I have called a maintenance guy out and he thinks that it's either a dead mouse or the paint put on the wall had 'gone off'. But he was really only guessing. I checked the paint tins and they are def. for interior use so it's not that the wrong paint type was used. 

Rentokil didn't really have anything to say except to quote me 220 + vat to check it out.

Anyway - I'm thinking of getting the floorboards taken up to check for a dead body now but my question is if that is worth the trouble. Can I just ignore it at this stage as it seems to be disapating (slowly)? Is there any harm in having a dead carcass under the floor boards?


----------



## polo9n (9 Jan 2007)

The smell may be there for few months..where exactly the smell coming from? between the ceiling?


----------



## wheeler (9 Jan 2007)

No.. I can't pinpoint it really. It's only in the living room and it seems to be coming from over near the window but it's not coming from outside. 

At that point in the room there is a socket and a tv and all the ntl stuff and that's it. 

The house has been cleaned from top to bottom during the painting so there's def. nothing visibly causing the smell, like discarded food or clothes or something like that.

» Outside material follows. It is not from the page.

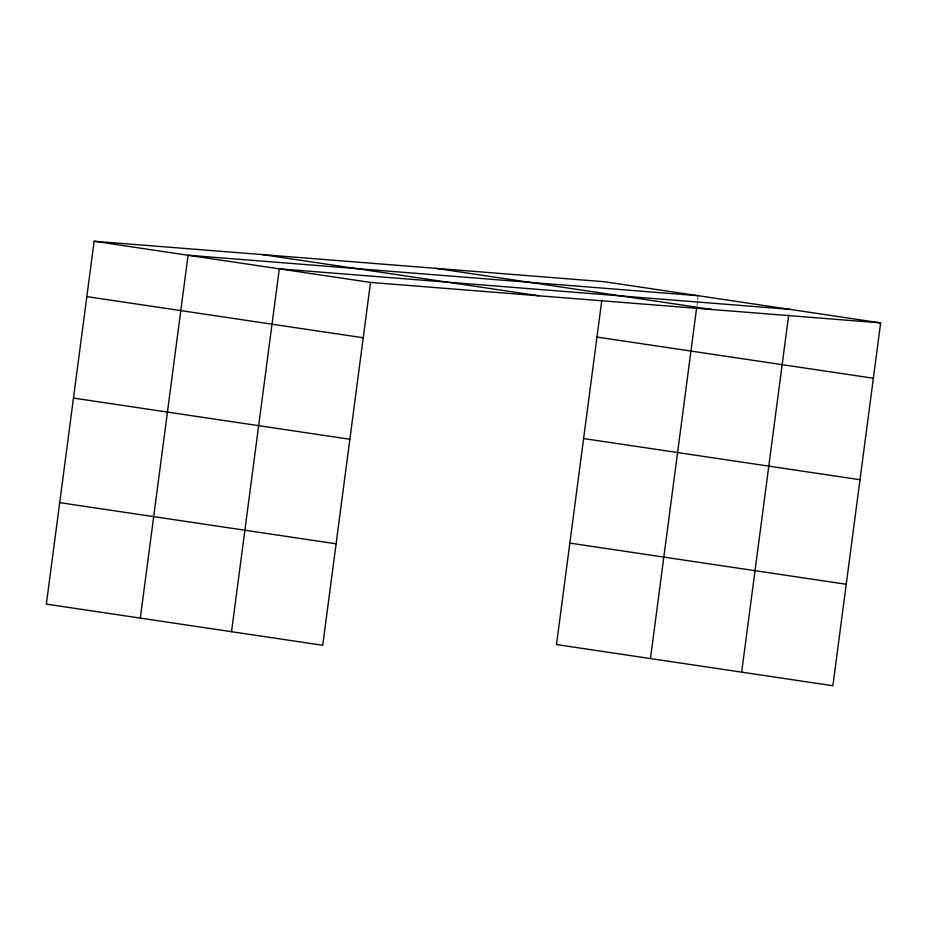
<?xml version="1.0" encoding="UTF-8"?>
<svg xmlns="http://www.w3.org/2000/svg" width="927" height="927" viewBox="0 0 927 927"><rect width="100%" height="100%" fill="white"/><g stroke="black" fill="none" stroke-linecap="round" stroke-linejoin="round"><path stroke-width="0.7" stroke-dasharray="4.63 3.48" d="M696.93 305.643L697.486 301.391M697.672 299.966L698.043 297.127"/><path stroke-width="1.39" d="M880.65 322.886L604.265 281.715L94.125 241.252L46.35 604.114L322.735 645.285L370.51 282.434L880.65 322.886L832.875 685.748L556.49 644.566L601.832 300.163M140.325 618.112L188.088 255.249L698.24 295.713M231.53 631.704L279.305 268.842L789.445 309.305M650.464 658.576L696.548 308.482M741.67 672.156L788.692 314.983M435.91 268.366L712.307 309.537M262.468 254.601L538.854 295.783M94.125 241.252L370.51 282.434M596.976 337.069L873.361 378.239M86.837 296.605L363.222 337.776M583.616 438.541L860.001 479.722M73.476 398.077L349.861 439.259M569.85 543.095L846.235 584.265M59.71 502.631L336.095 543.813"/></g></svg>

I guess the best thing is to get the floor lifted again and at least look. I'm kinda happy to go with the mouse under the floor boards as it fits around what has been happening there lately. I've been living there for over a year now and this is the first time I got the smell. None of the neighbours have it.


----------



## polo9n (9 Jan 2007)

unfortunate, but thats the best solution...get it out...hope its not the builder who left something there


----------